Create a python environment to run infrastructure scripts

For some of the supporting scripts around CanESM, specific python packages are required. To easily install the necessary packages, it is recommended that users utilize a python virtual environment. There are multiple ways to create/use virtual environments, but when working on cedar, users should follow the Compute Canada recommended method to build a python 3.8 environment.

Once the environment is created and activated, simply install the packages via pip using path/to/canesm/CCCma_tools/container/tools/python-requirements.txt

pip install -r path/to/canesm/CCCma_tools/container/python-requirements.txt

Build the Singularity image (once)

The model is compiled and run inside a Docker or Singularity container, which provides all the required dependencies. Using the container alleviates the need to port the model dependencies to each individual HPC system. It is in principle possible to compile the model on the native HPC. However, then all dependencies must be met, including the ESMF library. We do not provide instructions for this, and assume use of the container.

Singularity is available on Compute Canada machines, is designed for HPC, and does not significantly degrade performance relative to bare metal, and thus this guide recommends the use of Singularity.
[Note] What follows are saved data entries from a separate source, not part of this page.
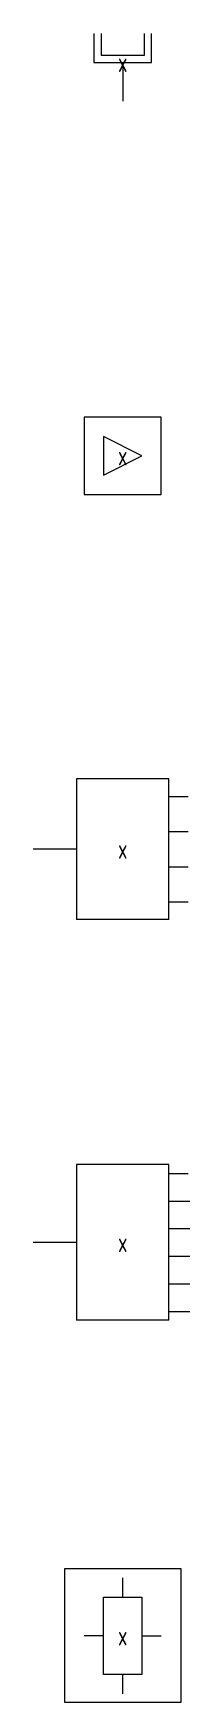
# Model space of a CAD drawing. Header units: metres. Extents: x -162 to 83385, y -62392 to -1971.
# Drawn here: x 66825 to 67230, y -26375 to -22056 of the extents above; entities that cross this region are included whole.
import ezdxf
from ezdxf.enums import TextEntityAlignment as Align

# ---------------------------------------------------------------- set-up
doc = ezdxf.new("R2010")
doc.units = ezdxf.units.M
doc.header["$LTSCALE"] = 0.5
for name, color, linetype, lineweight in [('ELIN_Attribut_01_Produkt_ID', 7, 'Continuous', 0), ('ELIN_Attribut_02_Stromkreis', 7, 'Continuous', 0), ('ELIN_Attribut_03_Verteilerbereich', 7, 'Continuous', 0), ('ELIN_Attribut_04_Montagehoehe', 7, 'Continuous', 0), ('ELIN_Attribut_05_Montageart', 7, 'Continuous', 0), ('ELIN_Attribut_06_Tuernummer', 7, 'Continuous', 0), ('ELIN_Attribut_07_Bemerkung', 7, 'Continuous', 0), ('ELIN_Attribut_08_Adresse', 7, 'Continuous', 0), ('ELIN_Attribut_10_AKZ1', 7, 'Continuous', 0), ('ELIN_Attribut_11_AKZ2', 7, 'Continuous', 0), ('ELIN_Attribut_12_Sonstiges1', 7, 'Continuous', 0), ('ELIN_Attribut_13_Sonstiges2', 7, 'Continuous', 0), ('ELIN_Attribut_14_Bauteil', 7, 'Continuous', 0), ('ELIN_Attribut_15_Ebene', 7, 'Continuous', 0), ('ELIN_Attribut_16_Raumnummer', 7, 'Continuous', 0), ('ELIN_Attribut_17_Raumname', 7, 'Continuous', 0), ('ELIN_Attribut_18_Montageabschnitt', 7, 'Continuous', 0), ('ELIN_Attribut_Basispunkt', 2, 'Continuous', 0), ('ELIN_Attribute_GEMOS', 11, 'Continuous', 0), ('ELIN_SWS_WA_TV Antenne', 7, 'Continuous', 0)]:
    doc.layers.add(name, color=color, linetype=linetype, lineweight=lineweight)
doc.layers.get('0').off()
doc.styles.add('ELIN_Attribute', font='isocp.shx', dxfattribs={"width": 0.8})

# ---------------------------------------------------------------- blocks, each defined once
blk = doc.blocks.new('ELIN_SWS_ANTENNENSTECKDOSE')
at = {"color": 0}
for p, q in [((-75, 75), (-75, 0)), ((-56.2, 75), (-56.2, 18.7)), ((56.2, 18.7), (56.2, 75)), ((75, 0), (75, 75)), ((-56.2, 18.7), (56.2, 18.7)), ((0, 0), (0, -100)), ((-75, 0), (75, 0))]:
    blk.add_line(p, q, dxfattribs=at)
at = {"layer": 'ELIN_Attribut_01_Produkt_ID', "style": 'ELIN_Attribute', "width": 0.8, "flags": 8}
blk.add_attdef('01_PRODUKT_ID', text='', height=150, dxfattribs=at).set_placement((0, -169.5, 0), align=Align.TOP_CENTER)
at = {"layer": 'ELIN_Attribut_02_Stromkreis', "style": 'ELIN_Attribute', "width": 0.8, "flags": 8}
blk.add_attdef('02_STROMKREIS', text='', height=150, dxfattribs=at).set_placement((0, 150, 0), align=Align.CENTER)
at = {"layer": 'ELIN_Attribut_03_Verteilerbereich', "style": 'ELIN_Attribute', "width": 0.8, "flags": 8}
blk.add_attdef('03_VERTEILERBEREICH', (198.4, -672.7, 0), '', height=125, dxfattribs=at)
at = {"layer": 'ELIN_Attribut_04_Montagehoehe', "style": 'ELIN_Attribute', "width": 0.8, "flags": 8}
blk.add_attdef('04_MONTAGEHOEHE', text='', height=125, dxfattribs=at).set_placement((-424.5, -54.7, 0), align=Align.RIGHT)
at = {"layer": 'ELIN_Attribut_05_Montageart', "style": 'ELIN_Attribute', "width": 0.8, "flags": 8}
blk.add_attdef('05_MONTAGEART', (400.3, -54.7, 0), '', height=125, dxfattribs=at)
at = {"layer": 'ELIN_Attribut_06_Tuernummer', "style": 'ELIN_Attribute', "width": 0.8, "flags": 8}
blk.add_attdef('06_TUERNUMMER', text='', height=125, dxfattribs=at).set_placement((-424.9, -254.7, 0), align=Align.RIGHT)
at = {"layer": 'ELIN_Attribut_07_Bemerkung', "style": 'ELIN_Attribute', "width": 0.8, "flags": 8}
blk.add_attdef('07_BEMERKUNG', (198.4, -844.5, 0), '', height=125, dxfattribs=at)
at = {"layer": 'ELIN_Attribut_08_Adresse', "style": 'ELIN_Attribute', "width": 0.8, "flags": 8}
blk.add_attdef('08_ADRESSE', (198.4, -1100.6, 0), '', height=125, dxfattribs=at)
at = {"layer": 'ELIN_Attribut_10_AKZ1', "style": 'ELIN_Attribute', "width": 0.8, "flags": 8}
blk.add_attdef('10_AKZ1', (195.8, -1466.6, 0), '', height=125, dxfattribs=at)
at = {"layer": 'ELIN_Attribut_11_AKZ2', "style": 'ELIN_Attribute', "width": 0.8, "flags": 8}
blk.add_attdef('11_AKZ2', (195.8, -1622.9, 0), '', height=125, dxfattribs=at)
at = {"layer": 'ELIN_Attribut_12_Sonstiges1', "style": 'ELIN_Attribute', "width": 0.8, "flags": 8}
blk.add_attdef('12_SONSTIGES1', (198.4, -2000.7, 0), '', height=125, dxfattribs=at)
at = {"layer": 'ELIN_Attribut_13_Sonstiges2', "style": 'ELIN_Attribute', "width": 0.8, "flags": 8}
blk.add_attdef('13_SONSTIGES2', (198.4, -2151.6, 0), '', height=125, dxfattribs=at)
at = {"layer": 'ELIN_Attribut_14_Bauteil', "style": 'ELIN_Attribute', "width": 0.8, "flags": 8}
blk.add_attdef('14_BAUTEIL', (198.4, -2971.1, 0), '', height=125, dxfattribs=at)
at = {"layer": 'ELIN_Attribut_15_Ebene', "style": 'ELIN_Attribute', "width": 0.8, "flags": 8}
blk.add_attdef('15_EBENE', (198.4, -3118.3, 0), '', height=125, dxfattribs=at)
at = {"layer": 'ELIN_Attribut_16_Raumnummer', "style": 'ELIN_Attribute', "width": 0.8, "flags": 8}
blk.add_attdef('16_RAUMNUMMER', (198.4, -3312.6, 0), '', height=125, dxfattribs=at)
at = {"layer": 'ELIN_Attribut_17_Raumname', "style": 'ELIN_Attribute', "width": 0.8, "flags": 8}
blk.add_attdef('17_RAUMNAME', (198.4, -3469.1, 0), '', height=125, dxfattribs=at)
at = {"layer": 'ELIN_Attribut_18_Montageabschnitt', "style": 'ELIN_Attribute', "width": 0.8, "flags": 8}
blk.add_attdef('18_MONTAGEABSCHNITT', (198.4, -3670.1, 0), '', height=125, dxfattribs=at)
at = {"layer": 'ELIN_Attribut_Basispunkt', "style": 'ELIN_Attribute', "width": 0.8, "flags": 8}
blk.add_attdef('Basispunkt', text='', height=50, dxfattribs=at).set_placement((0, 0), align=Align.MIDDLE)
at = {"layer": 'ELIN_Attribute_GEMOS', "style": 'ELIN_Attribute', "width": 0.6, "flags": 8}
for tag, p in [('G01_PRO02ID', (1620.5, 183.6)), ('G02_BEZEICHNUNG', (1620.5, -14.6, 0)), ('G03_DESCRIPTION', (1620.5, -204.4, 0)), ('G04_GEMOS-SYMBOL', (1623.8, -404.4, 0)), ('G05_GEMOS-TYP', (1623.8, -604.4, 0)), ('G06_ORTSKENNUNG', (1620.5, -804.4, 0)), ('G08_FREI1', (1620.5, -1004.4, 0)), ('G08_FREI2', (1620.5, -1204.4, 0))]:
    blk.add_attdef(tag, p, '', height=125, dxfattribs=at)
blk = doc.blocks.new('ELIN_SWS_ANTENNENVERSTAERKER')
at = {"color": 0}
for p, q in [((100, 100), (-100, 100)), ((-100, 100), (-100, -100)), ((100, -100), (100, 100)), ((-50, 50), (-50, -50)), ((50, 0), (-50, 50)), ((-50, -50), (50, 0)), ((-100, -100), (100, -100))]:
    blk.add_line(p, q, dxfattribs=at)
at = {"layer": 'ELIN_Attribut_01_Produkt_ID', "style": 'ELIN_Attribute', "width": 0.8, "flags": 8}
blk.add_attdef('01_PRODUKT_ID', text='', height=150, dxfattribs=at).set_placement((0, -169.5, 0), align=Align.TOP_CENTER)
at = {"layer": 'ELIN_Attribut_02_Stromkreis', "style": 'ELIN_Attribute', "width": 0.8, "flags": 8}
blk.add_attdef('02_STROMKREIS', text='', height=150, dxfattribs=at).set_placement((0, 150, 0), align=Align.CENTER)
at = {"layer": 'ELIN_Attribut_03_Verteilerbereich', "style": 'ELIN_Attribute', "width": 0.8, "flags": 8}
blk.add_attdef('03_VERTEILERBEREICH', (198.4, -672.7, 0), '', height=125, dxfattribs=at)
at = {"layer": 'ELIN_Attribut_04_Montagehoehe', "style": 'ELIN_Attribute', "width": 0.8, "flags": 8}
blk.add_attdef('04_MONTAGEHOEHE', text='', height=125, dxfattribs=at).set_placement((-424.5, -54.7, 0), align=Align.RIGHT)
at = {"layer": 'ELIN_Attribut_05_Montageart', "style": 'ELIN_Attribute', "width": 0.8, "flags": 8}
blk.add_attdef('05_MONTAGEART', (400.3, -54.7, 0), '', height=125, dxfattribs=at)
at = {"layer": 'ELIN_Attribut_06_Tuernummer', "style": 'ELIN_Attribute', "width": 0.8, "flags": 8}
blk.add_attdef('06_TUERNUMMER', text='', height=125, dxfattribs=at).set_placement((-424.9, -254.7, 0), align=Align.RIGHT)
at = {"layer": 'ELIN_Attribut_07_Bemerkung', "style": 'ELIN_Attribute', "width": 0.8, "flags": 8}
blk.add_attdef('07_BEMERKUNG', (198.4, -844.5, 0), '', height=125, dxfattribs=at)
at = {"layer": 'ELIN_Attribut_08_Adresse', "style": 'ELIN_Attribute', "width": 0.8, "flags": 8}
blk.add_attdef('08_ADRESSE', (198.4, -1100.6, 0), '', height=125, dxfattribs=at)
at = {"layer": 'ELIN_Attribut_10_AKZ1', "style": 'ELIN_Attribute', "width": 0.8, "flags": 8}
blk.add_attdef('10_AKZ1', (195.8, -1466.6, 0), '', height=125, dxfattribs=at)
at = {"layer": 'ELIN_Attribut_11_AKZ2', "style": 'ELIN_Attribute', "width": 0.8, "flags": 8}
blk.add_attdef('11_AKZ2', (195.8, -1622.9, 0), '', height=125, dxfattribs=at)
at = {"layer": 'ELIN_Attribut_12_Sonstiges1', "style": 'ELIN_Attribute', "width": 0.8, "flags": 8}
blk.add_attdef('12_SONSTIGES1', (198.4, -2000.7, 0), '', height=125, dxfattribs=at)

To run CanESM in a Singularity container, you first need to build the image from the CanESM docker container. To do this, request an interactive session on a compute-node and then utilize the singularity build command to convert the docker singularity to a singularity image - i.e.

# start an interactive session and go to a tmpdir
salloc --time=1:0:0 --constraint=cascade --nodes=1 --ntasks-per-node=1 --mem-per-cpu=5000
cd $SLURM_TMPDIR

# Build the singualrity image from the public Docker hub image
singularity build canesm-docker_latest.sif docker://cccma/canesm-docker

# Create a director to store the image for future use
mkdir -p ~/project/$USER/singularity_images
mv canesm-docker_latest.sif ~/project/$USER/singularity_images
exit

This only needs to be done once - after you (or another existing user) build and store the image, you can simply point to it when running CanESM.

Download the Basic required input data

The basic input data needed to run CanESM is available on FTP for some selected experiments. You need to download the data for the experiment that you want to run. We typically use standard, CMIP define experiment names. The example below is for the piControl experiment. This data also contains a default restart file.

cd ~/project/$USER
mkdir -p canesm_input_data/piControl
cd canesm_input_data/piControl
wget ftp://ftp.cccma.ec.gc.ca/pub/CCCMA/nswart/canesm5_piControl_config_04-06-2021/*

The pdSST-pdSIC experiment from PAMIP is also available at ftp://ftp.cccma.ec.gc.ca/pub/CCCMA/nswart/canesm5_pamip_config/. Forcing for other CMIP6 experiments can be made available.

Executing a Run

Once you a stored version of canesm, the input data, and the required singularity image, you are ready to setup your first run. Which can be done by:

1. Setup your run directory

Provided you’ve added setup-containerized-canesm to a suitable location, it can be used to easily setup a suitable, self-contained run directory for a desired RUNID. For details on using this script, see the interface via -h:

$ setup-containerized-canesm -h
Setup containerized canesm run

Creates a run directory for the given runid, using the defined repository/version, in the present working directory

Usage: setup-containerized-canesm [-h] runid=RUNID repo=SOURCE_REPOSITORY version=VERSION

RUNID                     : the alphanumeric string identifier for the given run.
SOURCE_REPOSITORY         : the repository address/path that be cloned and used for the run.
VERSION                   : the commit hash or branch-name to checkout for this run.

For example, to setup a run from v5.0.10 from the main gitlab repository:

setup-containerized-canesm runid=canesm-test-run01 repo=git@gitlab.com:cccma/canesm.git version=v5.0.10

or if you’ve setup your own forks of CanESM (and the submodules), and want to use your development version

setup-containerized-canesm runid=canesm-dev-run01 repo=git@gitlab.com:user123/canesm.git version=my-dev-version

which would create a directory name canesm-test-run01 in the PWD, with some useful directories and high level configuration files, such as canesm.cfg.

For both of these examples, setup-containerized-canesm will create “run directory” in PWD and clone down a new version of CanESM from the given repo (and checking out the desired version) and will setup some useful directories and bring in some useful files, like canesm.cfg, which contains high level configuration settings for the model.

2. Configure the run

Once you run directory is setup, navigate into it and modify canesm.cfg as necessary for your run. As of writing this only two experiments are available, piControl or pdSST-pdSIC, where the former is an ESM simulation using the ocean, atmosphere, and the coupler, while the latter is an AMIP simulation and only uses the atmosphere and coupler. To set which run you want, simply set the EXPERIMENT variable within canesm.cfg.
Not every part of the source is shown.